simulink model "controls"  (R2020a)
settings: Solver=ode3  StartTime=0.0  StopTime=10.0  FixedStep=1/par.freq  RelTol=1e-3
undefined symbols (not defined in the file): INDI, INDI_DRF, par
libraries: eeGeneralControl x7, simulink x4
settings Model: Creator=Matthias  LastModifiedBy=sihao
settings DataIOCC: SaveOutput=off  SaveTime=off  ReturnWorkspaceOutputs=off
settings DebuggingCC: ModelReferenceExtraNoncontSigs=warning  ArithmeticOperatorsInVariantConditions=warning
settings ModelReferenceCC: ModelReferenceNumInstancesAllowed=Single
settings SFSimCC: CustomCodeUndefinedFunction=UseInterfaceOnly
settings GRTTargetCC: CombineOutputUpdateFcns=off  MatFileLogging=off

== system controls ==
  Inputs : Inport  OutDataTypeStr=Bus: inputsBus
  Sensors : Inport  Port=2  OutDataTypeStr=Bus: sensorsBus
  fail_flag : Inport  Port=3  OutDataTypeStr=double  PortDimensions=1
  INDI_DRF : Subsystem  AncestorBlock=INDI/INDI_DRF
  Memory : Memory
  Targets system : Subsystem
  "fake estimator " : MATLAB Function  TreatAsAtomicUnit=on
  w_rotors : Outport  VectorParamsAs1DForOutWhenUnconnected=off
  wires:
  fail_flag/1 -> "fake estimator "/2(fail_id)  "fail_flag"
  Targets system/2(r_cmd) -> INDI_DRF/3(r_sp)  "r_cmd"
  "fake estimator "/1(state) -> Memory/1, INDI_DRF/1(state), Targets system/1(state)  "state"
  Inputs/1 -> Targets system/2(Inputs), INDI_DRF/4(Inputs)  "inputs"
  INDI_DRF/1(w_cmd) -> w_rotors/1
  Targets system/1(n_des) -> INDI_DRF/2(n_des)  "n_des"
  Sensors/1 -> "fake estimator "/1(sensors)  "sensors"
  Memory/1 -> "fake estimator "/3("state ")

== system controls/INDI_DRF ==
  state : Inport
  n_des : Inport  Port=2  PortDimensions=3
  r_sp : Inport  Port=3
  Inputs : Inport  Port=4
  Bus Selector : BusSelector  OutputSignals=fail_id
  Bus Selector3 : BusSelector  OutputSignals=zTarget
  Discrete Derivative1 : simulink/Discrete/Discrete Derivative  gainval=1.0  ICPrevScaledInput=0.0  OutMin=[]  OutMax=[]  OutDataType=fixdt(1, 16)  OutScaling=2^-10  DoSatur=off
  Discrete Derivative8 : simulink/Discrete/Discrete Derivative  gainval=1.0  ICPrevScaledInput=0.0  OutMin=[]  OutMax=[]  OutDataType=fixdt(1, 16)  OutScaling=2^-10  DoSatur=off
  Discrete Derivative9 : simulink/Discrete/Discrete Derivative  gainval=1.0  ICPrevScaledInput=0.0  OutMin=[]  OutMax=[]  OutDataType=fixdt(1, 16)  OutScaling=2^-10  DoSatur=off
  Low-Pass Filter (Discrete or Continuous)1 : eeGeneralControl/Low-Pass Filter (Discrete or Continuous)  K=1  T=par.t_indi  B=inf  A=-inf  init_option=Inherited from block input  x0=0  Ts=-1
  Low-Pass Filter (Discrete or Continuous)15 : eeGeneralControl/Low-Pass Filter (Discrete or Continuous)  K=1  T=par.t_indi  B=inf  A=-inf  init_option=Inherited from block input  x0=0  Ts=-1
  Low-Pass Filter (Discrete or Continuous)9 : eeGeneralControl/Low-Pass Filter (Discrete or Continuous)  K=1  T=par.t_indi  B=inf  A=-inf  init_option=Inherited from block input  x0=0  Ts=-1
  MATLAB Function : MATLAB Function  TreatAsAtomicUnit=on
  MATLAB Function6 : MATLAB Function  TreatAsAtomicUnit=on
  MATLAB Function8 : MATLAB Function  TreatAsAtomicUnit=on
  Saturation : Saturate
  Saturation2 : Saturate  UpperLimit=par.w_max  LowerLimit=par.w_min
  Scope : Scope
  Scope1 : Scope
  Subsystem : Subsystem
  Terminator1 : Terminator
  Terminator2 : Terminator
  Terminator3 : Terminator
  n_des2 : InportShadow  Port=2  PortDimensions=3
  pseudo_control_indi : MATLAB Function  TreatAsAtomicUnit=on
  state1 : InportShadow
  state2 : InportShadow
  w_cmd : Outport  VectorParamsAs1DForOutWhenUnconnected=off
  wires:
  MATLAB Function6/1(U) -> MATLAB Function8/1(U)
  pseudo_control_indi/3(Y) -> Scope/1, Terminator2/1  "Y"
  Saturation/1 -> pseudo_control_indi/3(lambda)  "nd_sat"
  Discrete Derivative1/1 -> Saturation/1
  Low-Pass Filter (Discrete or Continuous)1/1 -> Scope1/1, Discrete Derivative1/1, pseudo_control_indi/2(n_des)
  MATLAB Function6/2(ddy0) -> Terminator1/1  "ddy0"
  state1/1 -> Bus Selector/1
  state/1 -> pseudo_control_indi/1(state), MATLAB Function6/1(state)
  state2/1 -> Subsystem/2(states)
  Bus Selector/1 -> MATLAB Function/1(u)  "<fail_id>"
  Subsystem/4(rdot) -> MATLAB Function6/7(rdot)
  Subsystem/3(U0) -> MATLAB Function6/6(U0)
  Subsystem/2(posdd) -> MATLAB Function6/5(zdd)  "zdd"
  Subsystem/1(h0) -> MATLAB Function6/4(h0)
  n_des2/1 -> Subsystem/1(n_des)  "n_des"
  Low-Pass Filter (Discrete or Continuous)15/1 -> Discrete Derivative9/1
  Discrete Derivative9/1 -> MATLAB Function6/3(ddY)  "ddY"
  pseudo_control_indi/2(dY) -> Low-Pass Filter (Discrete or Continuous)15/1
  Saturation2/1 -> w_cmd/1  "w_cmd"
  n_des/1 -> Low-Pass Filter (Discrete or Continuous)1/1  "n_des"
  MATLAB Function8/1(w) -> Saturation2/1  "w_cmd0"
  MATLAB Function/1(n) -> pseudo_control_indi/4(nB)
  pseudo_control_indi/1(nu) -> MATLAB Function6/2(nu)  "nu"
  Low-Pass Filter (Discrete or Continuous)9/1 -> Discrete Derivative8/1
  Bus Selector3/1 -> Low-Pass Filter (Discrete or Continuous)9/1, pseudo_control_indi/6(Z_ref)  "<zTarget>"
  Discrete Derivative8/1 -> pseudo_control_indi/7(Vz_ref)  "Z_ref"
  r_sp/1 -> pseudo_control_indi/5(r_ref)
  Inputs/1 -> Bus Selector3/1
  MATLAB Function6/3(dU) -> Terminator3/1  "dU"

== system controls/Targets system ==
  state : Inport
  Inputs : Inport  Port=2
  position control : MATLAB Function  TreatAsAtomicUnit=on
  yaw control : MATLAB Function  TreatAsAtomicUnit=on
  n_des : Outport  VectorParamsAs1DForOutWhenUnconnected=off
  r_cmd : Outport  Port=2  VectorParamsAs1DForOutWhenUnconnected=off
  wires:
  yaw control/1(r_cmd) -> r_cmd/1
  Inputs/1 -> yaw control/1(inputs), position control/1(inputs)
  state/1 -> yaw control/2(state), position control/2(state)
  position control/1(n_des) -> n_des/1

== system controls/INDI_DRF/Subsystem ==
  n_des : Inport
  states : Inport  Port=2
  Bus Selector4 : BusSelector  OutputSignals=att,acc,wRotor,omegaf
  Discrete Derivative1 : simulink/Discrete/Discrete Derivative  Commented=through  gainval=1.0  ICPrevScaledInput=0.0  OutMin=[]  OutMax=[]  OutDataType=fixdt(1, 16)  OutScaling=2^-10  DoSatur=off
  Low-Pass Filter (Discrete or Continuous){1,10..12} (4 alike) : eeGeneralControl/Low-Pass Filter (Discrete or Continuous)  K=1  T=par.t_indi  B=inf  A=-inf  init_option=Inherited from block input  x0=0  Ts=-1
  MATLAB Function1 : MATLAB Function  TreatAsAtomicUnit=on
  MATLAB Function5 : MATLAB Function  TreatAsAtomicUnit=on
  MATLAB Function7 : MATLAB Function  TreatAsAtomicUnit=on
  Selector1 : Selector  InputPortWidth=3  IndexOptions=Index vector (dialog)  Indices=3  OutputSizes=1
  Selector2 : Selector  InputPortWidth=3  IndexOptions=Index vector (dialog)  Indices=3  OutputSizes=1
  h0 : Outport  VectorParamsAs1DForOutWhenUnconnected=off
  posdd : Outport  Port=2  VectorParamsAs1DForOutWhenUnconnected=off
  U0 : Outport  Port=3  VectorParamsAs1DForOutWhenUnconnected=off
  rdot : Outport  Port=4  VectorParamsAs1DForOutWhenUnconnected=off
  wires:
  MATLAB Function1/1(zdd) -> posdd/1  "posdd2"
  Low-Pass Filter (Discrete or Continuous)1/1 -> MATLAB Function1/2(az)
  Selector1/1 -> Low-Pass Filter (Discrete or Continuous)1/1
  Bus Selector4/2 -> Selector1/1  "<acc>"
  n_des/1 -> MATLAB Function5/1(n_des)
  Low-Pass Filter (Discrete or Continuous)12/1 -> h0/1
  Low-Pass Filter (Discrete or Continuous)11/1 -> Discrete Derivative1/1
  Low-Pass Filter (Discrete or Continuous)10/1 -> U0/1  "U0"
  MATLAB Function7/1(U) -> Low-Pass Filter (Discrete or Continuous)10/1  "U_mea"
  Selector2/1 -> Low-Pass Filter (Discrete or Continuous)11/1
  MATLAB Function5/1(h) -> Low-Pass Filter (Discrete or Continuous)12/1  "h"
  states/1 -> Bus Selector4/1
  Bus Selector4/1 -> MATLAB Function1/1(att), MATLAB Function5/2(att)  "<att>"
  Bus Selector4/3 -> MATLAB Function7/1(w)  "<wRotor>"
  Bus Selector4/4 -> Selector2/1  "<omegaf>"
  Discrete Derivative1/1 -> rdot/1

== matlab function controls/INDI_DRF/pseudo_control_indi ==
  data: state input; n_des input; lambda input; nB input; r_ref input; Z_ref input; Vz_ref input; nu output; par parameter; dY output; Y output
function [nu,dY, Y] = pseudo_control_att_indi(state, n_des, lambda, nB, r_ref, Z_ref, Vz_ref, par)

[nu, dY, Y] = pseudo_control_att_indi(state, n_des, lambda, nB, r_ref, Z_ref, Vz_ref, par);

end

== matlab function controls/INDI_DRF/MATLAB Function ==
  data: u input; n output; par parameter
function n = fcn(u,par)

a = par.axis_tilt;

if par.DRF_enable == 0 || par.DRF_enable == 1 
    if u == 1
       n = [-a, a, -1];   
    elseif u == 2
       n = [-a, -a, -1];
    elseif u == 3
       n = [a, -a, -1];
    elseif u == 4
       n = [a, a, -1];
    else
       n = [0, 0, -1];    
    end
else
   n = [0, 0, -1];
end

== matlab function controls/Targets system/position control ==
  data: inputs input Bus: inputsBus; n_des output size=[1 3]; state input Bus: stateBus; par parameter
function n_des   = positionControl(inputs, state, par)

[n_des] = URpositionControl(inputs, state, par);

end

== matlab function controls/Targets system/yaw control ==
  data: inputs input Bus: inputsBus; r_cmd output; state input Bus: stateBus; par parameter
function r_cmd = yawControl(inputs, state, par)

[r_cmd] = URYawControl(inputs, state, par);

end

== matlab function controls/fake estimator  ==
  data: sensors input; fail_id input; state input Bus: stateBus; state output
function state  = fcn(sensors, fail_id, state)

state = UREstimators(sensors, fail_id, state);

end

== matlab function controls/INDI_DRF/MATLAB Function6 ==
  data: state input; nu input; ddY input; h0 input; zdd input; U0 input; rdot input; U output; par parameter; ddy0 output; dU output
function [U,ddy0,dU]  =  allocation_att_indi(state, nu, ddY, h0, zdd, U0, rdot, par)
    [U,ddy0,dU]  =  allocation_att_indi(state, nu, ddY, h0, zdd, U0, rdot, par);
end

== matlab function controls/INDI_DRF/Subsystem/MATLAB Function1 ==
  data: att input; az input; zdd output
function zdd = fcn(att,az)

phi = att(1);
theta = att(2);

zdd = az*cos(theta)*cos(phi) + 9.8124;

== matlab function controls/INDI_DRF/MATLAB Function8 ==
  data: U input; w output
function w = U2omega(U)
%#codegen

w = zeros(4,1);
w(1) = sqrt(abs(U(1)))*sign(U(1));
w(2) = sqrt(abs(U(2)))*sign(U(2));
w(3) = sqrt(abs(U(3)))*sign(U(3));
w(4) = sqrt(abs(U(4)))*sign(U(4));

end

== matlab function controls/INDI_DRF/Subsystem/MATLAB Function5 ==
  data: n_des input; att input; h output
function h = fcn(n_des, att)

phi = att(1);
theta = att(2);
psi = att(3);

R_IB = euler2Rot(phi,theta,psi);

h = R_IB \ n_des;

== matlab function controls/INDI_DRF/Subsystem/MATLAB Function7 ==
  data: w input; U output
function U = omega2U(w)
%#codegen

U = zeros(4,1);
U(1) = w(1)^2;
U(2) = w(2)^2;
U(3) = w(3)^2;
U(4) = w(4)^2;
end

• What you will do:
Scan the entries above and show each line that contains the word "theta".

• Response below:
theta = att(2);
zdd = az*cos(theta)*cos(phi) + 9.8124;
theta = att(2);
R_IB = euler2Rot(phi,theta,psi);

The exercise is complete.